En cuanto
a intentar solucionar los problemas de los que he hablado en la entrada
anterior, dejé de lado los libros segundo y tercero (La Muralla esmeralda y El
Muladí), por entender que eran productos terminados y que, si no conseguían
llegar al nivel que yo hubiera deseado, era porque las historias que en ellos
contaba (pertenecientes, en su mayor parte a mi imaginación) no daban más de sí;
o yo no había sido capaz de elaborarlas de un modo suficientemente atractivo.
Otro era
el problema de La Cruz de los Ángeles, el que había sido el segundo en su
concepción y redacción, y que, antes de su publicación, había sufrido numerosas
variaciones debido a lo que se iba contando en los otros libros en los que
sucedían hechos anteriores, y que, por ese mismo motivo, verían la luz antes que
él. Esta novela requería un tratamiento que, si no lo hacía equiparable a Pelayo,
rey, si le diese una extensión y un nivel que no desdijesen demasiado de la
obra que fue el comienzo de todo. Para ello me dediqué a una tarea que no estoy
seguro de que sea del todo correcto hacer: modificar o, en parte, reescribir un
libro ya publicado.
Lo
primero era aumentar las páginas dedicadas a Alfonso II “el casto” para que, aún
manteniendo la estructura del libro, en especial la parte dedicada a su padre
Fruela, se notase que él era el auténtico protagonista de la historia. Para eso
utilicé principalmente la leyenda del “Arca santa”, que había pasado por alto
en la primera redacción, e igualmente procuré dedicarle más atención (y más párrafos)

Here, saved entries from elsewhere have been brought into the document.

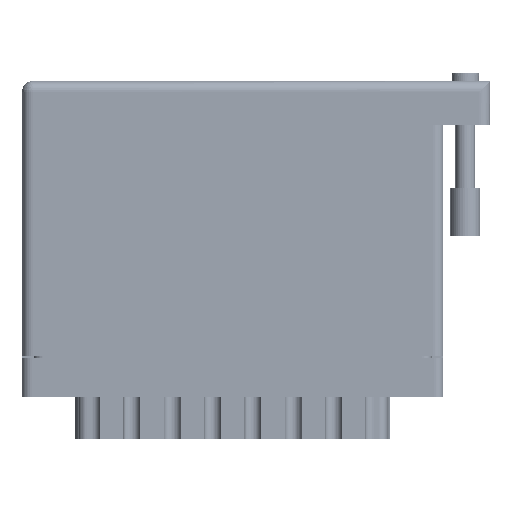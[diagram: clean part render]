
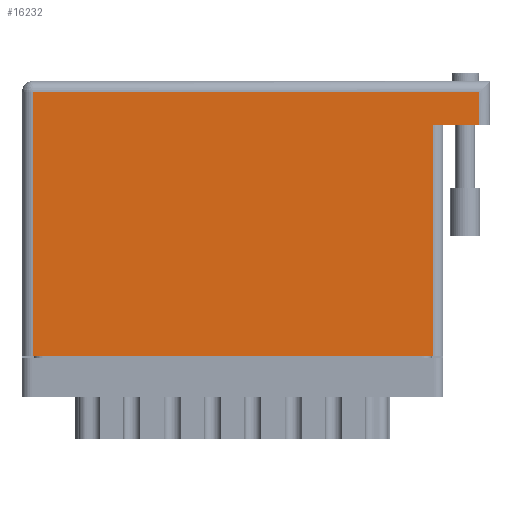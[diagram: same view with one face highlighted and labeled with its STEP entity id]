
A CAD part, front view. The second image highlights one B-rep face of the part: STEP entity #16232.
In plain terms, the highlighted face is planar.
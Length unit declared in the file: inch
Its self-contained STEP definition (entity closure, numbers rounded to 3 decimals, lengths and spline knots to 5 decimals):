
#161 = ORIENTED_EDGE ( 'NONE', *, *, #30139, .F. ) ;
#1252 = ORIENTED_EDGE ( 'NONE', *, *, #15141, .T. ) ;
#1570 = VERTEX_POINT ( 'NONE', #9027 ) ;
#3105 = VECTOR ( 'NONE', #57092, 39.37008 ) ;
#5332 = ORIENTED_EDGE ( 'NONE', *, *, #70134, .T. ) ;
#5953 = DIRECTION ( 'NONE',  ( 0., 1., 0. ) ) ;
#5979 = CARTESIAN_POINT ( 'NONE',  ( 2.948, 1.705, 0. ) ) ;
#7438 = VERTEX_POINT ( 'NONE', #60469 ) ;
#8237 = VECTOR ( 'NONE', #5953, 39.37008 ) ;
#8453 = EDGE_CURVE ( 'NONE', #41084, #66046, #51512, .T. ) ;
#9027 = CARTESIAN_POINT ( 'NONE',  ( 2.648, 0., 0. ) ) ;
#11383 = CARTESIAN_POINT ( 'NONE',  ( 2.948, 1.495, 0. ) ) ;
#13352 = VECTOR ( 'NONE', #35483, 39.37008 ) ;
#15141 = EDGE_CURVE ( 'NONE', #1570, #18373, #64982, .T. ) ;
#16232 = ADVANCED_FACE ( 'NONE', ( #58319 ), #35529, .F. ) ;
#18051 = LINE ( 'NONE', #60319, #46520 ) ;
#18373 = VERTEX_POINT ( 'NONE', #75862 ) ;
#18418 = CARTESIAN_POINT ( 'NONE',  ( 0., 1.705, 0. ) ) ;
#18584 = DIRECTION ( 'NONE',  ( -1., 0., 0. ) ) ;
#19221 = ORIENTED_EDGE ( 'NONE', *, *, #62067, .T. ) ;
#20316 = CARTESIAN_POINT ( 'NONE',  ( 0.07, 1.705, 0. ) ) ;
#22899 = VERTEX_POINT ( 'NONE', #11383 ) ;
#23446 = CARTESIAN_POINT ( 'NONE',  ( 2.648, 1.495, 0. ) ) ;
#25389 = DIRECTION ( 'NONE',  ( 0., -1., 0. ) ) ;
#29915 = CARTESIAN_POINT ( 'NONE',  ( 0., 1.775, 0. ) ) ;
#30139 = EDGE_CURVE ( 'NONE', #22899, #18373, #64752, .T. ) ;
#31526 = VECTOR ( 'NONE', #64081, 39.37008 ) ;
#35483 = DIRECTION ( 'NONE',  ( 0., 1., 0. ) ) ;
#35529 = PLANE ( 'NONE',  #40236 ) ;
#35866 = VECTOR ( 'NONE', #46707, 39.37008 ) ;
#39709 = ORIENTED_EDGE ( 'NONE', *, *, #8453, .T. ) ;
#40236 = AXIS2_PLACEMENT_3D ( 'NONE', #29915, #47889, #18584 ) ;
#41084 = VERTEX_POINT ( 'NONE', #5979 ) ;
#41193 = CARTESIAN_POINT ( 'NONE',  ( 2.948, 1.775, 0. ) ) ;
#46520 = VECTOR ( 'NONE', #25389, 39.37008 ) ;
#46707 = DIRECTION ( 'NONE',  ( -1., 0., 0. ) ) ;
#47889 = DIRECTION ( 'NONE',  ( 0., 0., -1. ) ) ;
#51512 = LINE ( 'NONE', #18418, #35866 ) ;
#51714 = LINE ( 'NONE', #70010, #31526 ) ;
#57092 = DIRECTION ( 'NONE',  ( -1., 0., 0. ) ) ;
#58319 = FACE_OUTER_BOUND ( 'NONE', #74131, .T. ) ;
#60319 = CARTESIAN_POINT ( 'NONE',  ( 0.07, 0., 0. ) ) ;
#60469 = CARTESIAN_POINT ( 'NONE',  ( 0.07, 0., 0. ) ) ;
#62067 = EDGE_CURVE ( 'NONE', #7438, #1570, #51714, .T. ) ;
#62783 = CARTESIAN_POINT ( 'NONE',  ( 3.018, 1.495, 0. ) ) ;
#62817 = ORIENTED_EDGE ( 'NONE', *, *, #66608, .T. ) ;
#64081 = DIRECTION ( 'NONE',  ( 1., 0., 0. ) ) ;
#64752 = LINE ( 'NONE', #62783, #3105 ) ;
#64982 = LINE ( 'NONE', #23446, #13352 ) ;
#66046 = VERTEX_POINT ( 'NONE', #20316 ) ;
#66608 = EDGE_CURVE ( 'NONE', #66046, #7438, #18051, .T. ) ;
#70010 = CARTESIAN_POINT ( 'NONE',  ( 0., 0., 0. ) ) ;
#70134 = EDGE_CURVE ( 'NONE', #22899, #41084, #71796, .T. ) ;
#71796 = LINE ( 'NONE', #41193, #8237 ) ;
#74131 = EDGE_LOOP ( 'NONE', ( #19221, #1252, #161, #5332, #39709, #62817 ) ) ;
#75862 = CARTESIAN_POINT ( 'NONE',  ( 2.648, 1.495, 0. ) ) ;

en todos los capítulos que se referían a él. Para eso me ayudó en gran manera
los datos que había utilizado en mi próxima novela, La Estirpe de los reyes,
que espero se publique próximamente.
Lo
segundo era darle al libro una estructura propia, sin que pareciera simplemente
un tomo más de la serie; eso lo conseguí quitando importancia (sin por eso
dejar de utilizarlos) a los personajes imaginarios de los condes de Gauzón, que
personificaban el lazo de unión de todos los libros. Y, sobre todo, eliminando las
múltiples referencias en notas al pie que nos remitían a lo narrado en los
anteriores.
Y, por último
(esto es lo más complicado de explicar sin desvelar sorpresas a los que aún no
hayan leído el volumen ya publicado con ese nombre), rehacer por completo el
personaje del rey Silo, tío político y tutor de Alfonso II, al que le había
dado una filiación completamente imaginaria y hecho miembro de esa familia de
los condes de Gauzón como el joven hermanastro menor de uno de ellos, de una
edad aproximada a la de la reina Adosinda, la hija de Alfonso I y su futura
esposa. En cambio, en esta nueva redacción le di la personalidad, más comúnmente
aceptada por los historiadores, de un noble gallego de mediana edad, y en cuyo
matrimonio con Adosinda intervino la coveniencia política del momento.
Hecho
esto (y no sin trabajo), quedó un libro, quizá más serio, quizá menos
impactante, pero más acorde con la realidad histórica (como he intentado que
fuesen todos los que he escrito, hasta que las tramas inventadas se me iban de las
manos) y, sobretodo, de un nivel mayor que la redacción anterior.
Y ahora,
¿qué hacer? ¿Intentar editarlo con el mismo nombre? ¿Hacerlo con otro,
abandonando lo que me parecía uno de sus atractivos y su justificación? La primera
opción me parecía un engaño para los que ya hubiesen comprado y leído la edición
ya publicada y que viesen que se ponía a la venta una mejor que la que ellos
habían adquirido. La segunda podría significar lo mismo para los que la
comprasen y comprobasen que más de la mitad del libro era similar a lo que ya
tenían. No tengo claro la actuación a seguir, pero no quisiera desperdiciar una
labor que me ha llevado más de un año y cuyo resultado, al menos así lo creo,
ha sido satisfactorio. De momento esperaré a que alguna editorial se interese
por él y que sean ellos los que me aconsejen cómo publicarlo.